> Task data:
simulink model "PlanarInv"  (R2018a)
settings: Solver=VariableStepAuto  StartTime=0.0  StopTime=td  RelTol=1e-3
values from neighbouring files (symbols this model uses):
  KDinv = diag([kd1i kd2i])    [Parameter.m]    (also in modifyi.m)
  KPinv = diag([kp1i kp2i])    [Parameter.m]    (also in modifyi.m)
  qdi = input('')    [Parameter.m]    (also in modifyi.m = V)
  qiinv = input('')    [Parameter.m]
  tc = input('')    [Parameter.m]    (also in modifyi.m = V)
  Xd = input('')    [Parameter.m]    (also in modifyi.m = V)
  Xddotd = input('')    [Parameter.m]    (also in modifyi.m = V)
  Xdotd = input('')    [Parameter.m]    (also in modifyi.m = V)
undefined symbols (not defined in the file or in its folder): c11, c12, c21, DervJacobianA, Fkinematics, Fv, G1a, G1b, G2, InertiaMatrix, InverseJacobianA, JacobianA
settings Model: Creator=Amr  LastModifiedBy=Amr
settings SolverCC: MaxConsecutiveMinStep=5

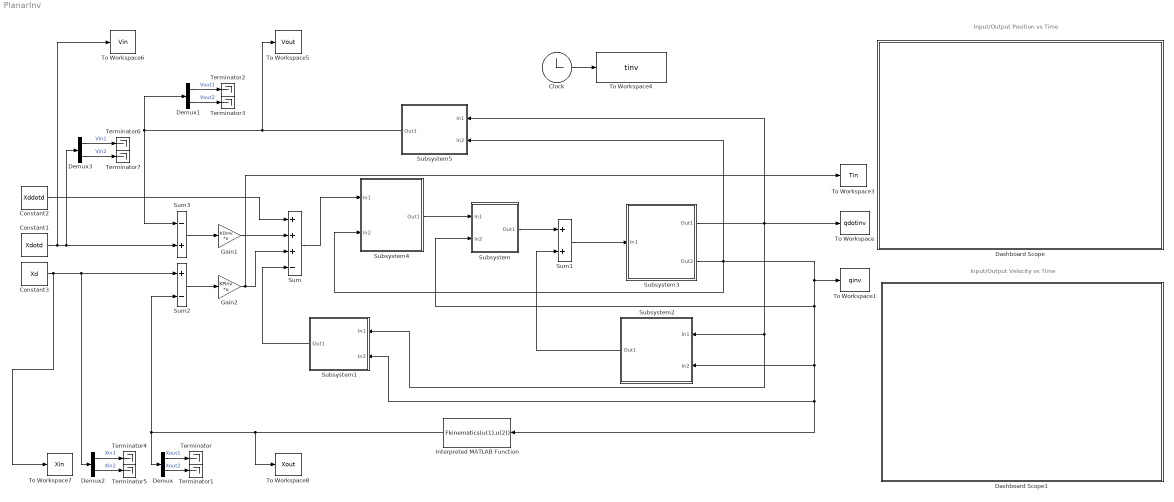
== system PlanarInv ==
  note: Input/Output Position vs Time
  note: Input/Output Velocity vs Time
  Clock : Clock
  Constant1 : Constant  Value=Xdotd  SampleTime=tc
  Constant2 : Constant  Value=Xddotd  SampleTime=tc
  Constant3 : Constant  Value=Xd  SampleTime=tc
  Dashboard Scope : Subsystem  DialogController=hmiCreateDDGDialog  IsWebBlock=on  mask(MWDashboardBlock){webBlockId=7bf5e091-c8a1-4e3f-a3de-79aaf862e1f5, webBlockType=sdiscope, ShowInitialText=on, HMISrcModelName=PlanarInv}
      mask prompts: webBlockId "WebBlock Id"; webBlockType "WebBlock Type"; HMISrcModelName "Source Model"
      mask help: SimulinkHMI:dialogs:HMIScopeDialogDesc
      mask Help: helpview([docroot '/mapfiles/simulink.map'], 'hmi_scope')
      mask Display:
      | if strcmp(get_param(bdroot(gcb),'BlockDiagramType'), 'library')
      |     image([(matlabroot) '/toolbox/simulink/hmi/icons/DashboardScope.png']);
      | end
  Dashboard Scope1 : Subsystem  DialogController=hmiCreateDDGDialog  IsWebBlock=on  mask(MWDashboardBlock){webBlockId=e652ddb0-efdc-4e3c-812f-868205cafe3c, webBlockType=sdiscope, ShowInitialText=on, HMISrcModelName=PlanarInv}
      mask prompts: webBlockId "WebBlock Id"; webBlockType "WebBlock Type"; HMISrcModelName "Source Model"
      mask help: SimulinkHMI:dialogs:HMIScopeDialogDesc
      mask Help: helpview([docroot '/mapfiles/simulink.map'], 'hmi_scope')
      mask Display:
      | if strcmp(get_param(bdroot(gcb),'BlockDiagramType'), 'library')
      |     image([(matlabroot) '/toolbox/simulink/hmi/icons/DashboardScope.png']);
      | end
  Demux{,1..3} (4 alike) : Demux  Outputs=2
  Gain1 : Gain  Gain=KDinv  Multiplication=Matrix(K*u)  SampleTime=tc
      mask Display: disp('KD')
  Gain2 : Gain  Gain=KPinv  Multiplication=Matrix(K*u)  SampleTime=tc
      mask Display: disp('KP')
  Interpreted MATLAB Function : MATLABFcn  MATLABFcn=Fkinematics(u(1),u(2))  OutputDimensions=2
      mask Display: disp('Forward Kinematics')
  Subsystem : Subsystem
      mask Display: disp('B(q)')
  Subsystem1 : Subsystem
      mask Display: disp('JA(q)dot')
  Subsystem2 : Subsystem
      mask Display: disp('n(q,qdot)')
  Subsystem3 : Subsystem
      mask Display: disp('Manipulator')
  Subsystem4 : Subsystem
      mask Display: disp('Inv(JA(q))')
  Subsystem5 : Subsystem
      mask Display: disp('JA(q)')
  Sum : Sum  Inputs=+++-
  Sum1 : Sum
  Sum2 : Sum  Inputs=+-
  Sum3 : Sum  Inputs=-+
  Terminator{,1..7} (8 alike) : Terminator
  To Workspace : ToWorkspace  VariableName=qdotinv  SampleTime=tc
      settings: MaxDataPoints=4001
  To Workspace1 : ToWorkspace  VariableName=qinv  SampleTime=tc
      settings: MaxDataPoints=4001
  To Workspace3 : ToWorkspace  VariableName=Tin  SampleTime=tc
      settings: MaxDataPoints=4001
  To Workspace4 : ToWorkspace  VariableName=tinv  SampleTime=tc
      settings: MaxDataPoints=4001
  To Workspace5 : ToWorkspace  VariableName=Vout  SampleTime=tc
      settings: MaxDataPoints=4001
  To Workspace6 : ToWorkspace  VariableName=Vin  SampleTime=tc
      settings: MaxDataPoints=4001
  To Workspace7 : ToWorkspace  VariableName=Xin  SampleTime=tc
      settings: MaxDataPoints=4001
  To Workspace8 : ToWorkspace  VariableName=Xout  SampleTime=tc
      settings: MaxDataPoints=4001
  wires:
  Sum1/1 -> Subsystem3/1(In1)
  Subsystem2/1(Out1) -> Sum1/2
  Subsystem/1(Out1) -> Sum1/1
  Demux3/2 -> Terminator7/1  "Vin2"
  Demux2/2 -> Terminator5/1  "Xin2"
  Demux/1 -> Terminator/1  "Xout1"
  Demux2/1 -> Terminator4/1  "Xin1"
  Constant2/1 -> Sum/1
  Demux1/1 -> Terminator2/1  "Vout1"
  Interpreted MATLAB Function/1 -> To Workspace8/1, Sum2/2, Demux/1
  Demux3/1 -> Terminator6/1  "Vin1"
  Gain1/1 -> Sum/2
  Constant1/1 -> To Workspace6/1, Demux3/1, Sum3/2
  Sum3/1 -> Gain1/1
  Sum2/1 -> Gain2/1
  Demux/2 -> Terminator1/1  "Xout2"
  Demux1/2 -> Terminator3/1  "Vout2"
  Gain2/1 -> To Workspace3/1, Sum/3
  Sum/1 -> Subsystem4/1(In1)
  Subsystem4/1(Out1) -> Subsystem/1(In1)
  Subsystem5/1(Out1) -> To Workspace5/1, Demux1/1, Sum3/1
  Constant3/1 -> To Workspace7/1, Sum2/1, Demux2/1
  Subsystem3/1(Out1) -> To Workspace/1, Subsystem5/1(In1), Subsystem1/1(In1), Subsystem2/1(In1)
  Subsystem3/2(Out2) -> To Workspace1/1, Subsystem1/2(In2), Interpreted MATLAB Function/1, Subsystem2/2(In2), Subsystem/2(In2), Subsystem5/2(In2), Subsystem4/2(In2)
  Subsystem1/1(Out1) -> Sum/4
  Clock/1 -> To Workspace4/1

== system PlanarInv/Dashboard Scope ==

== system PlanarInv/Dashboard Scope1 ==

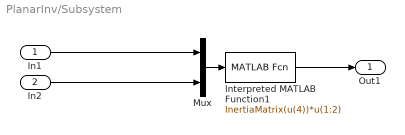
== system PlanarInv/Subsystem ==
  In1 : Inport
  In2 : Inport  Port=2
  Interpreted MATLAB Function1 : MATLABFcn  MATLABFcn=InertiaMatrix(u(4))*u(1:2)  OutputDimensions=2
  Mux : Mux  Inputs=2
  Out1 : Outport
  wires:
  Mux/1 -> Interpreted MATLAB Function1/1
  Interpreted MATLAB Function1/1 -> Out1/1
  In2/1 -> Mux/2
  In1/1 -> Mux/1

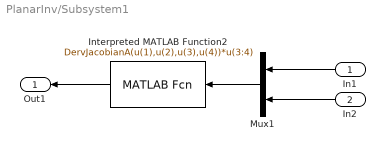
== system PlanarInv/Subsystem1 ==
  In1 : Inport
  In2 : Inport  Port=2
  Interpreted MATLAB Function2 : MATLABFcn  MATLABFcn=DervJacobianA(u(1),u(2),u(3),u(4))*u(3:4)  OutputDimensions=2
      mask Display: disp('JA(q)dot')
  Mux1 : Mux  Inputs=2
  Out1 : Outport
  wires:
  Mux1/1 -> Interpreted MATLAB Function2/1
  Interpreted MATLAB Function2/1 -> Out1/1
  In2/1 -> Mux1/2
  In1/1 -> Mux1/1

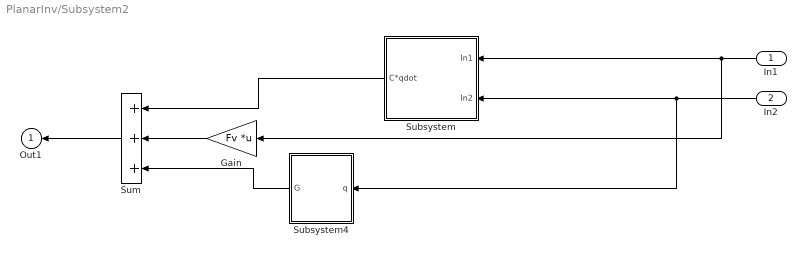
== system PlanarInv/Subsystem2 ==
  In1 : Inport
  In2 : Inport  Port=2
  Gain : Gain  Gain=Fv  Multiplication=Matrix(K*u)
      mask Display: disp('Friction')
  Subsystem : Subsystem
      mask Display: disp('C*qdot')
  Subsystem4 : Subsystem
      mask Display: disp('g(q)')
  Sum : Sum  Inputs=+++
  Out1 : Outport
  wires:
  In2/1 -> Subsystem/2(In2), Subsystem4/1(q)
  Subsystem4/1(G) -> Sum/3
  Sum/1 -> Out1/1
  Gain/1 -> Sum/2
  Subsystem/1(C*qdot) -> Sum/1
  In1/1 -> Gain/1, Subsystem/1(In1)

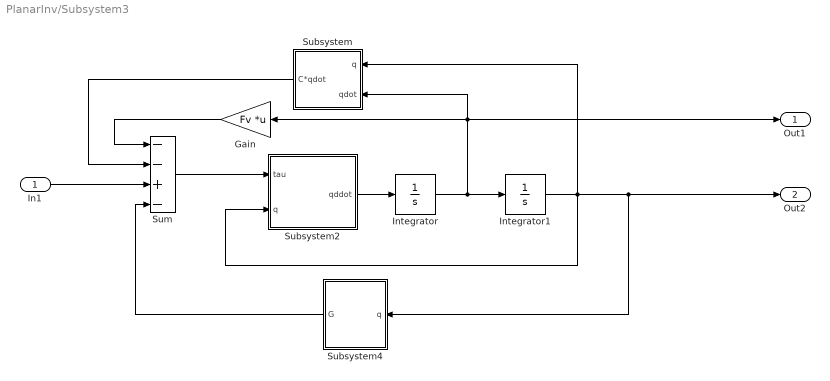
== system PlanarInv/Subsystem3 ==
  In1 : Inport
  Gain : Gain  Gain=Fv  Multiplication=Matrix(K*u)
      mask Display: disp('Friction')
  Integrator : Integrator  InitialCondition=qdi
  Integrator1 : Integrator  InitialCondition=qiinv
  Subsystem : Subsystem
      mask Display: disp('C*qdot')
  Subsystem2 : Subsystem
      mask Display: disp('inv(B(q))*tau')
  Subsystem4 : Subsystem
      mask Display: disp('g(q)')
  Sum : Sum  Inputs=--+-
  Out1 : Outport
  Out2 : Outport  Port=2
  wires:
  Subsystem/1(C*qdot) -> Sum/2
  Integrator1/1 -> Out2/1, Subsystem4/1(q), Subsystem2/2(q), Subsystem/1(q)
  Integrator/1 -> Out1/1, Gain/1, Subsystem/2(qdot), Integrator1/1
  Gain/1 -> Sum/1
  Sum/1 -> Subsystem2/1(tau)
  Subsystem2/1(qddot) -> Integrator/1
  Subsystem4/1(G) -> Sum/4
  In1/1 -> Sum/3

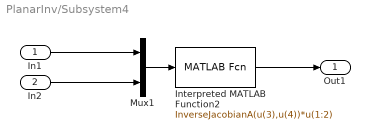
== system PlanarInv/Subsystem4 ==
  In1 : Inport
  In2 : Inport  Port=2
  Interpreted MATLAB Function2 : MATLABFcn  MATLABFcn=InverseJacobianA(u(3),u(4))*u(1:2)  OutputDimensions=2
      mask Display: disp('Inv(JA(q))')
  Mux1 : Mux  Inputs=2
  Out1 : Outport
  wires:
  Mux1/1 -> Interpreted MATLAB Function2/1
  In1/1 -> Mux1/1
  Interpreted MATLAB Function2/1 -> Out1/1
  In2/1 -> Mux1/2

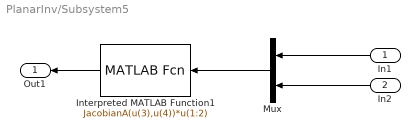
== system PlanarInv/Subsystem5 ==
  In1 : Inport
  In2 : Inport  Port=2
  Interpreted MATLAB Function1 : MATLABFcn  MATLABFcn=JacobianA(u(3),u(4))*u(1:2)  OutputDimensions=2
      mask Display: disp('JA(q)')
  Mux : Mux  Inputs=2
  Out1 : Outport
  wires:
  Mux/1 -> Interpreted MATLAB Function1/1
  In2/1 -> Mux/2
  Interpreted MATLAB Function1/1 -> Out1/1
  In1/1 -> Mux/1

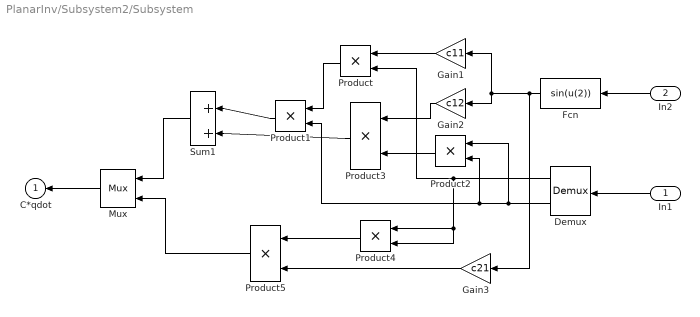
== system PlanarInv/Subsystem2/Subsystem ==
  In1 : Inport
  In2 : Inport  Port=2
  Demux : Demux  Outputs=2
      mask Display: disp('Demux')
  Fcn : Fcn  Expr=sin(u(2))
  Gain1 : Gain  Gain=c11
      mask Display: disp('c11')
  Gain2 : Gain  Gain=c12
      mask Display: disp('c12')
  Gain3 : Gain  Gain=c21
      mask Display: disp('c21')
  Mux : Mux  Inputs=2
      mask Display: disp('Mux')
  Product{,1..5} (6 alike) : Product
  Sum1 : Sum  Inputs=|++
  C*qdot : Outport
  wires:
  Product2/1 -> Product3/2
  Product/1 -> Product1/1
  Sum1/1 -> Mux/1
  Product4/1 -> Product5/1
  Fcn/1 -> Gain3/1, Gain2/1, Gain1/1
  Demux/2 -> Product2/2, Product1/2, Product2/1
  Mux/1 -> C*qdot/1
  Gain3/1 -> Product5/2
  Demux/1 -> Product/2, Product4/1, Product4/2
  Gain1/1 -> Product/1
  Product3/1 -> Sum1/2
  Gain2/1 -> Product3/1
  Product5/1 -> Mux/2
  Product1/1 -> Sum1/1
  In2/1 -> Fcn/1
  In1/1 -> Demux/1

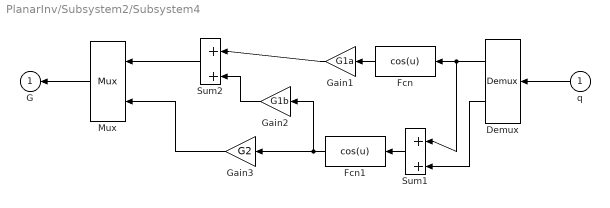
== system PlanarInv/Subsystem2/Subsystem4 ==
  q : Inport
  Demux : Demux  Outputs=2
      mask Display: disp('Demux')
  Fcn : Fcn  Expr=cos(u)
  Fcn1 : Fcn  Expr=cos(u)
  Gain1 : Gain  Gain=G1a
      mask Display: disp('G1a')
  Gain2 : Gain  Gain=G1b
      mask Display: disp('G1b')
  Gain3 : Gain  Gain=G2
      mask Display: disp('G2')
  Mux : Mux  Inputs=2
      mask Display: disp('Mux')
  Sum1 : Sum  Inputs=|++
  Sum2 : Sum  Inputs=|++
  G : Outport
  wires:
  Gain2/1 -> Sum2/2
  Fcn/1 -> Gain1/1
  Gain1/1 -> Sum2/1
  Demux/1 -> Fcn/1, Sum1/1
  Fcn1/1 -> Gain3/1, Gain2/1
  Gain3/1 -> Mux/2
  Demux/2 -> Sum1/2
  Sum1/1 -> Fcn1/1
  Sum2/1 -> Mux/1
  Mux/1 -> G/1
  q/1 -> Demux/1

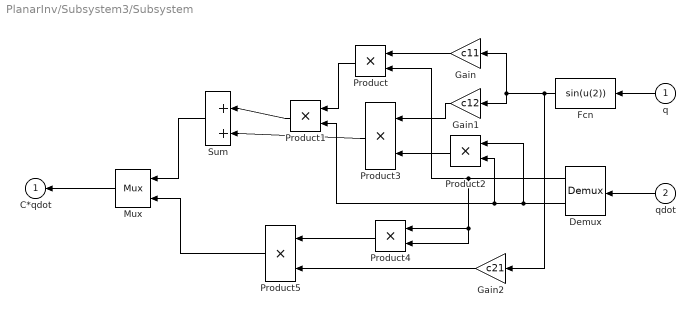
== system PlanarInv/Subsystem3/Subsystem ==
  q : Inport
  qdot : Inport  Port=2
  Demux : Demux  Outputs=2
      mask Display: disp('Demux')
  Fcn : Fcn  Expr=sin(u(2))
  Gain : Gain  Gain=c11
      mask Display: disp('c11')
  Gain1 : Gain  Gain=c12
      mask Display: disp('c12')
  Gain2 : Gain  Gain=c21
      mask Display: disp('c21')
  Mux : Mux  Inputs=2
      mask Display: disp('Mux')
  Product{,1..5} (6 alike) : Product
  Sum : Sum  Inputs=|++
  C*qdot : Outport
  wires:
  Demux/2 -> Product2/2, Product1/2, Product2/1
  Sum/1 -> Mux/1
  Product5/1 -> Mux/2
  Demux/1 -> Product/2, Product4/1, Product4/2
  Product4/1 -> Product5/1
  Fcn/1 -> Gain2/1, Gain1/1, Gain/1
  Gain2/1 -> Product5/2
  Product2/1 -> Product3/2
  Product1/1 -> Sum/1
  Product/1 -> Product1/1
  q/1 -> Fcn/1
  Gain1/1 -> Product3/1
  Product3/1 -> Sum/2
  qdot/1 -> Demux/1
  Mux/1 -> C*qdot/1
  Gain/1 -> Product/1

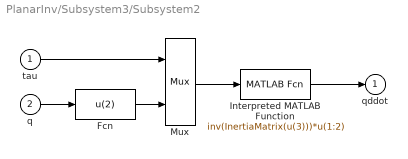
== system PlanarInv/Subsystem3/Subsystem2 ==
  tau : Inport
  q : Inport  Port=2
  Fcn : Fcn  Expr=u(2)
  Interpreted MATLAB Function : MATLABFcn  MATLABFcn=inv(InertiaMatrix(u(3)))*u(1:2)  OutputDimensions=2
  Mux : Mux  Inputs=[2,1]
      mask Display: disp('Mux')
  qddot : Outport
  wires:
  Mux/1 -> Interpreted MATLAB Function/1
  Interpreted MATLAB Function/1 -> qddot/1
  q/1 -> Fcn/1
  tau/1 -> Mux/1
  Fcn/1 -> Mux/2

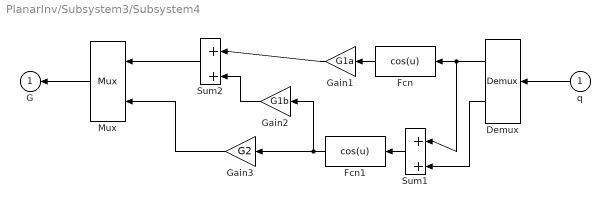
== system PlanarInv/Subsystem3/Subsystem4 ==
  q : Inport
  Demux : Demux  Outputs=2
      mask Display: disp('Demux')
  Fcn : Fcn  Expr=cos(u)
  Fcn1 : Fcn  Expr=cos(u)
  Gain1 : Gain  Gain=G1a
      mask Display: disp('G1a')
  Gain2 : Gain  Gain=G1b
      mask Display: disp('G1b')
  Gain3 : Gain  Gain=G2
      mask Display: disp('G2')
  Mux : Mux  Inputs=2
      mask Display: disp('Mux')
  Sum1 : Sum  Inputs=|++
  Sum2 : Sum  Inputs=|++
  G : Outport
  wires:
  Gain2/1 -> Sum2/2
  Fcn/1 -> Gain1/1
  Gain1/1 -> Sum2/1
  Demux/1 -> Fcn/1, Sum1/1
  Fcn1/1 -> Gain3/1, Gain2/1
  Gain3/1 -> Mux/2
  Demux/2 -> Sum1/2
  Sum1/1 -> Fcn1/1
  Sum2/1 -> Mux/1
  Mux/1 -> G/1
  q/1 -> Demux/1

> What you should do: Give back exactly the lines of the listing, starting with the first and ending with the one bearing "Xdotd = input('')". Add no other lines.

> Output of the exercise:
simulink model "PlanarInv"  (R2018a)
settings: Solver=VariableStepAuto  StartTime=0.0  StopTime=td  RelTol=1e-3
values from neighbouring files (symbols this model uses):
  KDinv = diag([kd1i kd2i])    [Parameter.m]    (also in modifyi.m)
  KPinv = diag([kp1i kp2i])    [Parameter.m]    (also in modifyi.m)
  qdi = input('')    [Parameter.m]    (also in modifyi.m = V)
  qiinv = input('')    [Parameter.m]
  tc = input('')    [Parameter.m]    (also in modifyi.m = V)
  Xd = input('')    [Parameter.m]    (also in modifyi.m = V)
  Xddotd = input('')    [Parameter.m]    (also in modifyi.m = V)
  Xdotd = input('')    [Parameter.m]    (also in modifyi.m = V)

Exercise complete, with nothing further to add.